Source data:
-- Opening Marker --

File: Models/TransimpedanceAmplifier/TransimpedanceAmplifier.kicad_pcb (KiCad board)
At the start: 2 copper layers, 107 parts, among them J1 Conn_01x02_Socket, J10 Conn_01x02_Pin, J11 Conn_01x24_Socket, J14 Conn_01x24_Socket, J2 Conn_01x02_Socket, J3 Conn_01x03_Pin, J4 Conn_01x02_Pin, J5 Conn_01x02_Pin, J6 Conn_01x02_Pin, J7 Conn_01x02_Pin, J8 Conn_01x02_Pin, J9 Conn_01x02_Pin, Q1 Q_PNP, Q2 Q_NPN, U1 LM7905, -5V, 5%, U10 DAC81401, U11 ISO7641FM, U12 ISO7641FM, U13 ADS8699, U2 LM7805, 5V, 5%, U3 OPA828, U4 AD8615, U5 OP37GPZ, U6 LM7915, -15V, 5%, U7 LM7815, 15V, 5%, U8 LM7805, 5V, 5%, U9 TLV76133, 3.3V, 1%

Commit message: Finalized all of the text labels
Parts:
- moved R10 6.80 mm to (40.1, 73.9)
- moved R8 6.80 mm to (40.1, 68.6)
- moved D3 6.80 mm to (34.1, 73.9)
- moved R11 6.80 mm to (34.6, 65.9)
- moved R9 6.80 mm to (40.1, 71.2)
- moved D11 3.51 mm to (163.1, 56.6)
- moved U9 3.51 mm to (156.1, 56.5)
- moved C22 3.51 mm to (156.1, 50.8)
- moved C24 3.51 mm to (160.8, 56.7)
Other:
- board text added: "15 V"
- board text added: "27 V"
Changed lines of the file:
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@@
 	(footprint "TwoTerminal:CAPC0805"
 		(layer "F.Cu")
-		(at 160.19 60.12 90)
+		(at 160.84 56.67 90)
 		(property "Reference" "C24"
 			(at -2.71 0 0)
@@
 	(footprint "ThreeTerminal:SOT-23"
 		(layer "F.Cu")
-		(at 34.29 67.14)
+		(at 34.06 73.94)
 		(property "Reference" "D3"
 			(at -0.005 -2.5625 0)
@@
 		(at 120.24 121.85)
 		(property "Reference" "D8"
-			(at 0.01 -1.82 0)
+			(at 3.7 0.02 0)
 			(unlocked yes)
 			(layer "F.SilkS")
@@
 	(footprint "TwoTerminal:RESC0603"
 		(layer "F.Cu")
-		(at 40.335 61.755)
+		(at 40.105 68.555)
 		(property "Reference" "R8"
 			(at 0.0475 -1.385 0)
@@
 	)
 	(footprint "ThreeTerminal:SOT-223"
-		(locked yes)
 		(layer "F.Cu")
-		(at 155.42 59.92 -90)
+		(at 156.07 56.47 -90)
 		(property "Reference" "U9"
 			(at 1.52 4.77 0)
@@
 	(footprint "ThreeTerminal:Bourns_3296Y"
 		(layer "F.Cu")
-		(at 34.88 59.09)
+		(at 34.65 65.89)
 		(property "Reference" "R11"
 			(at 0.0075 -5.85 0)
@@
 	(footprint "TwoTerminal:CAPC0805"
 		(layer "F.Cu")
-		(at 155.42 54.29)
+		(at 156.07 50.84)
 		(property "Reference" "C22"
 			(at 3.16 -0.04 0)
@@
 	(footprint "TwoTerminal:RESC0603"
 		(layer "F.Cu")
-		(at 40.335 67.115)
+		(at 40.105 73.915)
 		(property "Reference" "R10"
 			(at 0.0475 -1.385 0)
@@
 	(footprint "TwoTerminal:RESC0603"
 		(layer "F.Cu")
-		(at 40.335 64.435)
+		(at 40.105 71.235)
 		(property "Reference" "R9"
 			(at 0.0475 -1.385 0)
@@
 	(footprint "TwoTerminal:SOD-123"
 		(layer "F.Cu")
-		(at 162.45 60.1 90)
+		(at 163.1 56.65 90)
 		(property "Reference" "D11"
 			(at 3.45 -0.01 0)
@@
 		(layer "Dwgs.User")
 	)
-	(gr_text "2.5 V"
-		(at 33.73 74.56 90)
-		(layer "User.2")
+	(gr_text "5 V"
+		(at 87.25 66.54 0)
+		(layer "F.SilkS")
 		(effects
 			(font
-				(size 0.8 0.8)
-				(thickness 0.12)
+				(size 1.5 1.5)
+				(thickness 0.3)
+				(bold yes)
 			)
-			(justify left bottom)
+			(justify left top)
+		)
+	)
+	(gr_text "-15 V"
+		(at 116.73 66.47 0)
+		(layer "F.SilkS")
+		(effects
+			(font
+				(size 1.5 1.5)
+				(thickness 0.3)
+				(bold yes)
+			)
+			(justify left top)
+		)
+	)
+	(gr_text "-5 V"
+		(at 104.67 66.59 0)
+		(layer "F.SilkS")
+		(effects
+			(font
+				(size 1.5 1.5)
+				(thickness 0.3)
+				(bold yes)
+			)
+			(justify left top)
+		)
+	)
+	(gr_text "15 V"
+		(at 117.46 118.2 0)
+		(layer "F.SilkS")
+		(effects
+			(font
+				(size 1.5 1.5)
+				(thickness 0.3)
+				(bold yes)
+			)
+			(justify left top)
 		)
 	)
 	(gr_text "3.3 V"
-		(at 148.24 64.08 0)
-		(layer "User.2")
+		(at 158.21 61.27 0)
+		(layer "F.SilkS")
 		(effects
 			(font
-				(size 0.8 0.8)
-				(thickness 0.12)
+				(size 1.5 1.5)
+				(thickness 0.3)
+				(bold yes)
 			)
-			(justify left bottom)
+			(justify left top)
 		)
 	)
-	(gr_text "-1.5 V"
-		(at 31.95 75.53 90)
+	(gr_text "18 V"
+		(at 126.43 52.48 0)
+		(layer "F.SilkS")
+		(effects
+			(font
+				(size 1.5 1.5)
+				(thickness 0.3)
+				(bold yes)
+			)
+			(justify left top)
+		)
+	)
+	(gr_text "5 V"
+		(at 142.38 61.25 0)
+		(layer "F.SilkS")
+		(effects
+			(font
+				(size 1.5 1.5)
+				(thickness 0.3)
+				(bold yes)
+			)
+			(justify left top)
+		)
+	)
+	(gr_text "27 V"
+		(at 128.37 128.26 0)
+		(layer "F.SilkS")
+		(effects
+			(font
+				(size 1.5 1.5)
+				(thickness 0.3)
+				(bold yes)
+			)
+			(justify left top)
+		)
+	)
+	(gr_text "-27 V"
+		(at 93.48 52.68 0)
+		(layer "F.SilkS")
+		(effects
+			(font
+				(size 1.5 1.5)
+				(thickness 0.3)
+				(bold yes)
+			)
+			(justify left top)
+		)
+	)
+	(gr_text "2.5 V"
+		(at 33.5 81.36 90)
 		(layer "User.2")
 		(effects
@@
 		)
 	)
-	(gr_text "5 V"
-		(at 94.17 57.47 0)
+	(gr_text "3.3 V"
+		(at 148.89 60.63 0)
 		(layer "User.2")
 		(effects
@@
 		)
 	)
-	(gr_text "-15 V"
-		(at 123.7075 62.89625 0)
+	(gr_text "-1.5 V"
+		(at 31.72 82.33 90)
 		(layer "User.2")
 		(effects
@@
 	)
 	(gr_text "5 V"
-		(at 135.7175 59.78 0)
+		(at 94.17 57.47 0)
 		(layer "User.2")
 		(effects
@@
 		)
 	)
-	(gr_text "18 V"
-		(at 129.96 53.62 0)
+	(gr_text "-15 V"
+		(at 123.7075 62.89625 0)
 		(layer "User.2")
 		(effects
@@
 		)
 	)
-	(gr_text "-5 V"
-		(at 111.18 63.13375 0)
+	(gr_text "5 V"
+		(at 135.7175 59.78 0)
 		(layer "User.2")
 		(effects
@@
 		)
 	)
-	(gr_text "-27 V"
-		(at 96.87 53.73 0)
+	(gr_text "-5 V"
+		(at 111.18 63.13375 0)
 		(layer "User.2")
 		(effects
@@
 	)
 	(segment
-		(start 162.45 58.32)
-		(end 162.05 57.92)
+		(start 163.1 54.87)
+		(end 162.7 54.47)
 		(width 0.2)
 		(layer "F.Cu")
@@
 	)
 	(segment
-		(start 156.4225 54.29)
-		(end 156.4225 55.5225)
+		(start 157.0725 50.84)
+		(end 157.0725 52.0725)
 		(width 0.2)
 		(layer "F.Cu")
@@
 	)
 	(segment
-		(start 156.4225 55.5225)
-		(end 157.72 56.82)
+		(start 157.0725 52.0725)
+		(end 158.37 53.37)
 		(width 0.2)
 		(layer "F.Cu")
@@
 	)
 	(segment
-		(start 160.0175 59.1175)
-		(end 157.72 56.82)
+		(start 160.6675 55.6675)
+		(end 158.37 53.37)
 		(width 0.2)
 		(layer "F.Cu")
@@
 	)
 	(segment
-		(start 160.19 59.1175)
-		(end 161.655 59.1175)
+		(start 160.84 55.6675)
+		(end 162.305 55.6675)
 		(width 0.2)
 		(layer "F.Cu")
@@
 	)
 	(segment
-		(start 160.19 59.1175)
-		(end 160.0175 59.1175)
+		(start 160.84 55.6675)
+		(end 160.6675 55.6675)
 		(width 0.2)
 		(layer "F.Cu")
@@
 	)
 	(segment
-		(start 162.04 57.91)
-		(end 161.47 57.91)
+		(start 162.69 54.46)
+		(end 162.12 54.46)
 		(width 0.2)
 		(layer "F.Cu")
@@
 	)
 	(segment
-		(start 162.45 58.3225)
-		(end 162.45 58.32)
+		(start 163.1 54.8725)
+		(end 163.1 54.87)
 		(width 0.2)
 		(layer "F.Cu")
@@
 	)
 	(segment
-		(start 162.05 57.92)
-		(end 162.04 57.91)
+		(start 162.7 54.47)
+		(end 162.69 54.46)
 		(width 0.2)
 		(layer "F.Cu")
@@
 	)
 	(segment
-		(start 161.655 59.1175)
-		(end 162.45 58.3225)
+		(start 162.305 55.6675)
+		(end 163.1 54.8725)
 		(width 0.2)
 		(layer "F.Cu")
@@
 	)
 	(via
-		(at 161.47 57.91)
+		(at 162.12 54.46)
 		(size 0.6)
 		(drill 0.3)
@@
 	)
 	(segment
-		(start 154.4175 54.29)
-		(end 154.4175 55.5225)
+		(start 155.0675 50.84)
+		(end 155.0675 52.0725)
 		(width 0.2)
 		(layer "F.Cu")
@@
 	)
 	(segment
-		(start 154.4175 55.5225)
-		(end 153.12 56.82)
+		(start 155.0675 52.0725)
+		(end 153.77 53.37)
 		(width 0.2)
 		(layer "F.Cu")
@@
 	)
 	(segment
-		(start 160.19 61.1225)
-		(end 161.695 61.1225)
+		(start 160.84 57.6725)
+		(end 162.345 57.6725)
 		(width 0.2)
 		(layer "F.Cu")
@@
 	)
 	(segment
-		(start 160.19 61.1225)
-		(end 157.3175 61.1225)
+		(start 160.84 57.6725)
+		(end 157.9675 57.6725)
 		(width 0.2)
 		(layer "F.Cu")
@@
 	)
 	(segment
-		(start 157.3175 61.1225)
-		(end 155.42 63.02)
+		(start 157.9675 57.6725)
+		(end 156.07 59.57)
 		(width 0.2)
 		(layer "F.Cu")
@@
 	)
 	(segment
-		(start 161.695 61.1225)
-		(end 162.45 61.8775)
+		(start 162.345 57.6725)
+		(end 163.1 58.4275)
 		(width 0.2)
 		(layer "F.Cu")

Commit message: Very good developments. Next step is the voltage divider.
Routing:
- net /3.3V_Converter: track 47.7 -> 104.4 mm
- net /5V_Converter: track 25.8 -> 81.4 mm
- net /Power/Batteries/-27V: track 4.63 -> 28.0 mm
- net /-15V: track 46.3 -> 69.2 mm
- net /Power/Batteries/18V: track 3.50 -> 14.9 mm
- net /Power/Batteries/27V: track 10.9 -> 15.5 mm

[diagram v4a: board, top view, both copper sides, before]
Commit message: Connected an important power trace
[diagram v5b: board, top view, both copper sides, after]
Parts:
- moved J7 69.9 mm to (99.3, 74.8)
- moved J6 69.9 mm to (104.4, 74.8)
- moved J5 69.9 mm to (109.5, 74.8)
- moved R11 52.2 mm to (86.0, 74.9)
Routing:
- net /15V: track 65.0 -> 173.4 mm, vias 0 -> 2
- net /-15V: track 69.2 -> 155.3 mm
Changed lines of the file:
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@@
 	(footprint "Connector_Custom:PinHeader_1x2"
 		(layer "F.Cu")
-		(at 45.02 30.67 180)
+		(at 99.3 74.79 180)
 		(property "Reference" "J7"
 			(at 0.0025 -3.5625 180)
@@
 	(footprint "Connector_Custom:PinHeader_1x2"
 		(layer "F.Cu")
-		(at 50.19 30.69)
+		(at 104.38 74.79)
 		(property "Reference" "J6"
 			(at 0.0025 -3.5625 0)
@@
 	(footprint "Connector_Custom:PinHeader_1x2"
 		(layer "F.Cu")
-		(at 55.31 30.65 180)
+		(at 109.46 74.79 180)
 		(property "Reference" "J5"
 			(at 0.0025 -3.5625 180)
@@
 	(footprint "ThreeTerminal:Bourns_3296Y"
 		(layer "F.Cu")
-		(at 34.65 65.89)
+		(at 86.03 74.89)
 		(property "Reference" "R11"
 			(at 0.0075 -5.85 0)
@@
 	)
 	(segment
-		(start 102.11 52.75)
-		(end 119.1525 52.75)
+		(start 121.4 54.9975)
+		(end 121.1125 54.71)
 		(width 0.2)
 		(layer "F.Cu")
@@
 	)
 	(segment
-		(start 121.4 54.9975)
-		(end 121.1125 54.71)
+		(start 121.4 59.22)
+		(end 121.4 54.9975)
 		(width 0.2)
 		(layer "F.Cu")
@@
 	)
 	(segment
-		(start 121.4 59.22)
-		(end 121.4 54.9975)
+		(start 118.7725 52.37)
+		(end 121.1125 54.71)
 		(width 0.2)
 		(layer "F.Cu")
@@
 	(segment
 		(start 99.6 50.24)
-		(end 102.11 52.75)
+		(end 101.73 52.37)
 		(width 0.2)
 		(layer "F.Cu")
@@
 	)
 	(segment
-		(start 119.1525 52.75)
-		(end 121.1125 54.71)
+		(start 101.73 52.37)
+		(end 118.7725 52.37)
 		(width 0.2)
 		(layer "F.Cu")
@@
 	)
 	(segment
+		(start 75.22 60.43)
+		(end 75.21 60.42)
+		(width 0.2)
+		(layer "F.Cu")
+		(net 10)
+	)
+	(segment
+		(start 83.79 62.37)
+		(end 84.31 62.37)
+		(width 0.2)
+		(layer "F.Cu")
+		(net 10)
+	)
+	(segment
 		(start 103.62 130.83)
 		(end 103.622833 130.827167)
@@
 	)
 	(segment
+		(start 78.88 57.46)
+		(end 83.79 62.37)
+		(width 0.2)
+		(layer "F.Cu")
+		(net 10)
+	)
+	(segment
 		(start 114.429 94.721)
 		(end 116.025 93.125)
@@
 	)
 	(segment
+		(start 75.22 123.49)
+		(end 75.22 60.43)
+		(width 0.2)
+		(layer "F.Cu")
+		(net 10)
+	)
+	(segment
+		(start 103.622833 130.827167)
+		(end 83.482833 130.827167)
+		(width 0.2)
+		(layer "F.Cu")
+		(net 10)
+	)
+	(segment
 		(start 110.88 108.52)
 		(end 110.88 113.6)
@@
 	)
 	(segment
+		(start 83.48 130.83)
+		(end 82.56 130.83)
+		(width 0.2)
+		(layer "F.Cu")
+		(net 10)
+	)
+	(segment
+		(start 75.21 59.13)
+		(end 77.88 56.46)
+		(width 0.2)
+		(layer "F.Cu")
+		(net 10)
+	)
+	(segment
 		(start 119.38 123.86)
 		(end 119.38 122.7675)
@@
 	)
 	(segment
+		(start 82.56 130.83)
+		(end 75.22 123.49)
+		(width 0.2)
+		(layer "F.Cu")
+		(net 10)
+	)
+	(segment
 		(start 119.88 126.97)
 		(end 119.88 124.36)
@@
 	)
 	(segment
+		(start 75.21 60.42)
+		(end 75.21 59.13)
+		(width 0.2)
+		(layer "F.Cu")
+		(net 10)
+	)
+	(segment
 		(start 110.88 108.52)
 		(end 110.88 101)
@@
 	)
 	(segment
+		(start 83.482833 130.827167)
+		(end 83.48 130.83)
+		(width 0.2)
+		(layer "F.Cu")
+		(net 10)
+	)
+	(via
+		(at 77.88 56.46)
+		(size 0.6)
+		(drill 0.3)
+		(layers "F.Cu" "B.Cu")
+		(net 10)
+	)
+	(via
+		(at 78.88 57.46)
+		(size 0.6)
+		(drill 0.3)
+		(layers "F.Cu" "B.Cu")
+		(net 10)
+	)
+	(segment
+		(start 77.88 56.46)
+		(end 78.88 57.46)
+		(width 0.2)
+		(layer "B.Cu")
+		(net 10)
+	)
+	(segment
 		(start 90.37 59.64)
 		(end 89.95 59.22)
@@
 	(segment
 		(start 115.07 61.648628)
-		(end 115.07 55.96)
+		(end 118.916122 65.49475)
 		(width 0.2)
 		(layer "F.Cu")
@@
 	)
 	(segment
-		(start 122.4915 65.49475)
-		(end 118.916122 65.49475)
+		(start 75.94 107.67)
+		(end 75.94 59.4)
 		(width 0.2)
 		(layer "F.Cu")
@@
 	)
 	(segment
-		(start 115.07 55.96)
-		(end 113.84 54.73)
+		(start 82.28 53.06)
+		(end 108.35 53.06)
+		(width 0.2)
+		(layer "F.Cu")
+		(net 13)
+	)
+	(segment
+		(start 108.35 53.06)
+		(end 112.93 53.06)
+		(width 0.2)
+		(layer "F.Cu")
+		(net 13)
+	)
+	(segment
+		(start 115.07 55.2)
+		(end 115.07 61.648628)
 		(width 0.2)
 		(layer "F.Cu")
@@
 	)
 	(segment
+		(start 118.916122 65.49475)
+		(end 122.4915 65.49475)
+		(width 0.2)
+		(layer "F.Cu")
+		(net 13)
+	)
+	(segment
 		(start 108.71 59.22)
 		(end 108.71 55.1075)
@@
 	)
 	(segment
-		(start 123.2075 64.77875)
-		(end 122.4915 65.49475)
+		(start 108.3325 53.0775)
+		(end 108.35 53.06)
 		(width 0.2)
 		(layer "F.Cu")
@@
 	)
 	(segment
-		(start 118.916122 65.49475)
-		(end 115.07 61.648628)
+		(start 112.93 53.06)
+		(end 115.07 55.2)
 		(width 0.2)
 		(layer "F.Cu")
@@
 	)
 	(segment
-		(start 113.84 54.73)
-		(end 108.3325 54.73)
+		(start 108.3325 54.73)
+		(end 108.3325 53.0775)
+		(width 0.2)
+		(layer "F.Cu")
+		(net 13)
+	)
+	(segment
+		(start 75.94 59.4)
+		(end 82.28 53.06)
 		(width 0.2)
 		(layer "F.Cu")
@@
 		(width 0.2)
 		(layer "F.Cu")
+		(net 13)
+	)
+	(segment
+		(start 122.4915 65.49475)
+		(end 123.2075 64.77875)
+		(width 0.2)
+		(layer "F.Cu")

-- Closing Marker --

• _Work instruction_: Can you write out the lines above, from the first one through the one containing "- moved R10 6.80 mm to (40.1, 73.9)", exactly as they appear and nothing more?

• _Answer section_:
File: Models/TransimpedanceAmplifier/TransimpedanceAmplifier.kicad_pcb (KiCad board)
At the start: 2 copper layers, 107 parts, among them J1 Conn_01x02_Socket, J10 Conn_01x02_Pin, J11 Conn_01x24_Socket, J14 Conn_01x24_Socket, J2 Conn_01x02_Socket, J3 Conn_01x03_Pin, J4 Conn_01x02_Pin, J5 Conn_01x02_Pin, J6 Conn_01x02_Pin, J7 Conn_01x02_Pin, J8 Conn_01x02_Pin, J9 Conn_01x02_Pin, Q1 Q_PNP, Q2 Q_NPN, U1 LM7905, -5V, 5%, U10 DAC81401, U11 ISO7641FM, U12 ISO7641FM, U13 ADS8699, U2 LM7805, 5V, 5%, U3 OPA828, U4 AD8615, U5 OP37GPZ, U6 LM7915, -15V, 5%, U7 LM7815, 15V, 5%, U8 LM7805, 5V, 5%, U9 TLV76133, 3.3V, 1%

Commit message: Finalized all of the text labels
Parts:
- moved R10 6.80 mm to (40.1, 73.9)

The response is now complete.